Whether you are an informed citizen, or a law-maker, it’s critically important to understand the major Second Amendment rights cases of our time. Below, I’ll set out a brief overview of the most influential contemporary Supreme Court cases that limit the government’s ability to infringe on the People’s pre-existing Right to Keep and Bear Arms.
Heller addresses arguments attempting to ban firearms and specifies what arms are protected under the 2nd Amendment (all bearable arms that are NOT both dangerous AND unusual). In quoting St. George Tucker from his Blackstone Commentaries, the Heller decision reads:
“This may be considered as the true palladium of liberty …. The right to self defence is the first law of nature: in most governments it has been the study of rulers to confine the right within the narrowest limits possible. Wherever standing armies are kept up, and the right of the people to keep and bear arms is, under any colour or pretext whatsoever, prohibited, liberty, if not already annihilated, is on the brink of destruction.” District of Columbia et al. v. Heller, 554 U.S. 570, 606 (2008)
McDonald incorporates the 2nd Amendment against the states through the due process clause of the 14th Amendment, applying the chain of “shall not be infringed” to the states:
“In debating the Fourteenth Amendment, the 39th Congress referred to the right to keep and bear arms as a fundamental right deserving of protection.” McDonald v. City of Chicago, No. 08-1521, 28 (2010), “Unless considerations of stare decisis counsel otherwise, a provision of the Bill of Rights that protects a right that is fundamental from an American perspective applies equally to the Federal Government and the States. ” McDonald v. City of Chicago, No. 08-1521, 44 (2010)
Caetano clearly defines that “dangerous and unusual” is a conjunctive test, and that arms which are “in common use” are protected by the 2nd Amendment.
“First, the relative dangerousness of a weapon is irrelevant when the weapon belongs to a class of arms commonly used for lawful purposes. See Heller, supra, at 627, 128 S.Ct. 2783 (contrasting ” ‘dangerous and unusual weapons’ ” that may be banned with protected “weapons … ‘in common use at the time'”). Second, even in cases where dangerousness might be relevant, the Supreme Judicial Court’s test sweeps far too broadly. Heller defined the “Arms” covered by the Second Amendment to include “‘any thing that a man wears for his defence, or takes into his hands, or useth in wrath to cast at or strike another.’ ” 554 U.S., at 581, 128 S.Ct. 2783. Under the decision below, however, virtually every covered arm would qualify as “dangerous.”” – Caetano v. Massachusetts, 577 U.S. 411, 418 (2016)

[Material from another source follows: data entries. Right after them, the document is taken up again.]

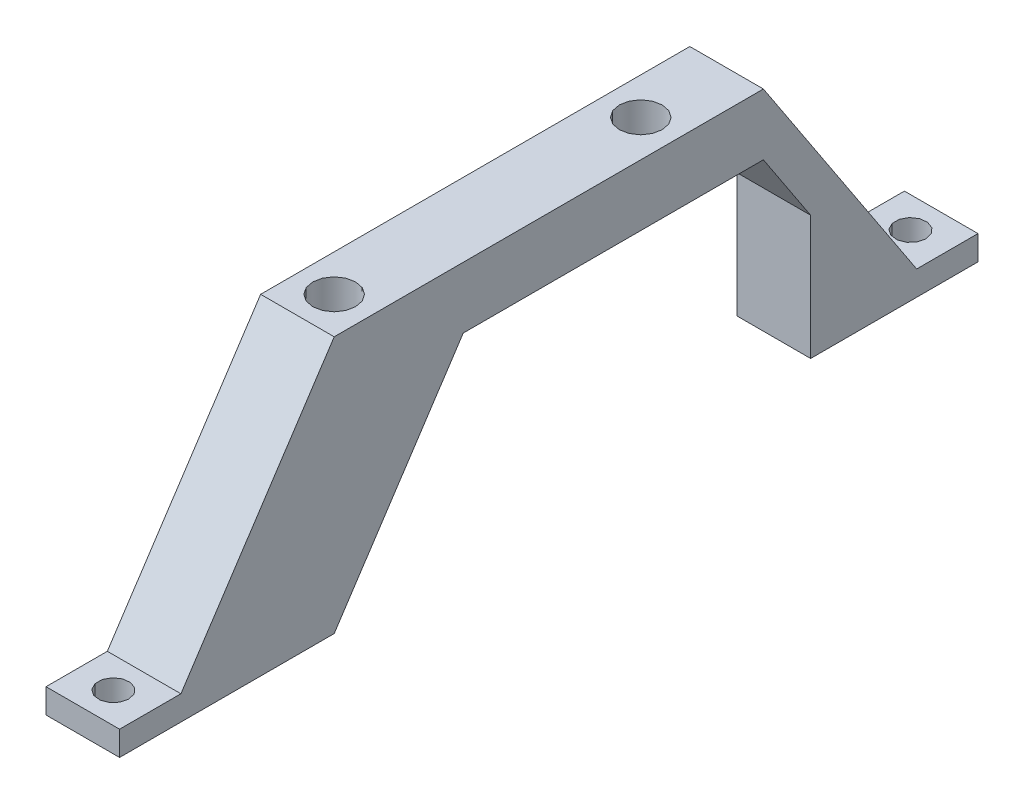
# Autodesk Inventor part: low_part_of_extrad_system
Saved by Autodesk Inventor 2025 (Build 290162000, 162)
## iProperties
Created: 2026-09-08
Part Number: low_part_of_extrad_system
Material: Типовые
Document SubType Name: Modeling
Designer: Leva
Density: 1 g/cm^3
Appearance: По умолчанию
Author: Leva
Autodesk Inventor part; units mm, degrees
ref_plane "YZ Plane" through (0, 0, 0) normal (1, 0, 0) x (0, 1, 0)
ref_plane "XZ Plane" through (0, 0, 0) normal (0, 1, 0) x (-1, 0, 0)
ref_plane "XY Plane" through (0, 0, 0) normal (0, 0, 1) x (1, 0, 0)
sketch "Эскиз1" plane through (0, 0, 0) normal (1, 0, 0) x (0, 1, 0)
  line L0 (0, 35) -> (20.96, 35) construction
  line L1 (20.96, 35) -> (20.96, -35) construction
  line L2 (20.96, -35) -> (0, -35) construction
  line L3 (0, -35) -> (0, 35) construction
  line L4 (13, 12.5) -> (0, 12.5) construction
  line L5 (0, 12.5) -> (0, -12.5) construction
  line L6 (0, -12.5) -> (13, -12.5) construction
  line L7 (13, -12.5) -> (13, 12.5) construction
  line L8 (20.96, 17.5) -> (15.96, 17.5)
  line L9 (15.96, 17.5) -> (15.96, -17.5)
  line L10 (15.96, -17.5) -> (20.96, -17.5)
  line L11 (20.96, -17.5) -> (20.96, 17.5)
  line L12 (0, 35) -> (2, 35)
  line L13 (2, 35) -> (2, 30)
  line L14 (2, 30) -> (0, 30)
  line L15 (0, 30) -> (0, 35)
  line L16 (15.96, 17.5) -> (0, 17.5)
  line L17 (0, 30) -> (0, 17.5)
  line L18 (2, 30) -> (20.96, 17.5)
  line L19 (20.96, 0) -> (0, 0) construction
  line L20 (0, -35) -> (2, -35)
  line L21 (2, -35) -> (2, -30)
  line L22 (2, -30) -> (0, -30)
  line L23 (0, -30) -> (0, -35)
  line L24 (15.96, -17.5) -> (0, -17.5)
  line L25 (0, -30) -> (0, -17.5)
  line L26 (2, -30) -> (20.96, -17.5)
  line L27 (15.96, -17.5) -> (15.96, -17.5)
  line L28 (15.96, -17.5) -> (10.1158, -21.353)
  line L29 (15.96, -17.5) -> (22.96, -17.5) construction
  line L30 (10.1158, -21.353) -> (0, -21.353)
  line L31 (0, 17.5) -> (15.96, 6.9778)
  dimension "d0" = 20.96
  dimension "d1" = 70
  dimension "d2" = 13
  dimension "d3" = 25
  dimension "d4" = 5
  dimension "d5" = 35
  dimension "d6" = 2
  dimension "d7" = 5
  dimension "d25" = 0
  dimension "d26" = 7
  constraints: 64 end point, 10 parallel, 7 perpendicular, 5 horizontal, 4 midpoint, 4 point on line, 4 symmetric about line, 1 coincident, 1 collinear, 1 equal length
  measures "d0" distance of L1.end L2.end
  measures "d1" distance of L2.end L0.start
  measures "d2" distance of L6.end L5.end
  measures "d3" distance of L5.end L4.end
  measures "d4" distance of L10.end L9.end
  measures "d5" distance of L9.end L8.end
  measures "d6" distance of L13.end L14.end
  measures "d7" distance of L12.end L13.end
  measures "d25" distance of L9.end L27.end
  measures "d26" distance of L27.end L28.end
extrude "Выдавливание1" add sketch "Эскиз1" along normal blind 6 contours L11 L10 L9 L8 | L8 L16 L17 L14 L18 | L9 L31 L16 | L26 L22 L25 L30 L28 L10 | L14 L15 L12 L13 | L21 L20 L23 L22
sketch "Эскиз2" plane through (0, 20.96, 17.5) normal (0, 1, 0) x (1, 0, 0)
  line L0 (0, 0) -> (6, 0) projected
  line L1 (3, 0) -> (3, 31) construction
  line L2 (0, 31) -> (6, 31) projected
  line L3 (3, 3) -> (3, 28) construction
  circle A0 centre (3, 3) radius 1.75
  circle A1 centre (3, 28) radius 1.75
  point P0 (0, 17.5)
  point P1 (3, 15.5)
  dimension "d10" = 25
  dimension "d11" = 3.5
  dimension "d12" = 3.5
  constraints: 4 end point, 4 midpoint, 2 centre point, 2 coincident, 1 collinear
  measures "d10" distance of L3.start L3.end
  measures "d11" diameter of A0
  measures "d12" diameter of A1
extrude "Выдавливание2" cut sketch "Эскиз2" against normal blind 4
sketch "Эскиз3" plane through (0, 2, 35) normal (0, 1, 0) x (1, 0, 0)
  line L0 (0, 0) -> (6, 0) construction
  line L1 (6, 17.5) -> (6, 5) projected
  line L2 (0, 0) -> (6, 0) construction
  line L3 (6, 0) -> (6, 5) construction
  line L4 (6, 5) -> (0, 5) construction
  line L5 (0, 5) -> (0, 0) construction
  line L6 (6, 56.353) -> (6, 70) projected
  line L7 (0, 65) -> (0, 52.5) projected
  line L8 (6, 70) -> (0, 70) construction
  line L9 (0, 70) -> (0, 65) construction
  line L10 (0, 65) -> (6, 65) construction
  line L11 (6, 65) -> (6, 70) construction
  line L12 (0, 5) -> (0, 0) construction
  line L13 (0, 2.5) -> (6, 2.5) construction
  line L14 (3, 0) -> (3, 5) construction
  line L15 (0, 67.5) -> (6, 67.5) construction
  line L16 (3, 65) -> (3, 70) construction
  circle A0 centre (3, 2.5) radius 1.25
  circle A1 centre (3, 67.5) radius 1.25
  point P0 (0, 35)
  point P1 (6, 55.5)
  dimension "d21" = 2.5
  dimension "d22" = 2.5
  constraints: 24 end point, 10 midpoint, 4 parallel, 2 centre point, 2 horizontal, 2 perpendicular
  measures "d21" diameter of A0
  measures "d22" diameter of A1
extrude "Выдавливание3" cut sketch "Эскиз3" against normal blind 2

“The lower court’s ill treatment of Heller cannot stand. The reasoning of the Massachusetts court poses a grave threat to the fundamental right of self-defense. The Supreme Judicial Court suggested that Caetano could have simply gotten a firearm to defend herself. 470 Mass., at 783, 26 N.E.3d, at 695. But the right to bear other weapons is “no answer” to a ban on the possession of protected arms.” – Caetano v. Massachusetts, 577 U.S. 411, 421 (2016)
Bruen, the most recent decision, from 2022, builds on top of previous precedent and describes the basis under which courts and legislatures are to deal with Second Amendment issues. It does this by instructing to review the text first, then ONLY if a firearm regulation is consistent with this Nation’s historical tradition may any entity of government conclude that the individual’s conduct falls outside the Second Amendment’s “unqualified command”.
Bruen simply states how these issues must be treated, (even though the nexus of the case dealt with unconstitutional treatment of the People desiring to perfect handgun permits by a single state), its reach is far broader, and settles how courts and legislatures MUST deal with 2nd Amendment issues:
“In keeping with Heller, we hold that when the Second Amendment’s plain text covers an individual’s conduct, the Constitution presumptively protects that conduct. To justify its regulation, the government may not simply posit that the regulation promotes an important interest. Rather, the government must demonstrate that the regulation is consistent with this Nation’s historical tradition of firearm regulation.” New York State Rifle & Pistol Assn., Inc. v. Bruen, No. 20-843, 14 (U.S. Jun. 23, 2022)
It is necessary that every person who loves Liberty in Tennessee, and any other state for that matter, should send these facts to your elected employees and demand that the state, county and city governments portion them out to the various legal and Law Enforcement departments that are sworn to recognize the chains placed on them by the Constitutions of the State and Union per Article 10 Section 1:
Every person who shall be chosen or appointed to any office of trust or profit under this Constitution, or any law made in pursuance thereof, shall, before entering on the duties thereof, take an oath to support the Constitution of this State, and of the United States, and an oath of office.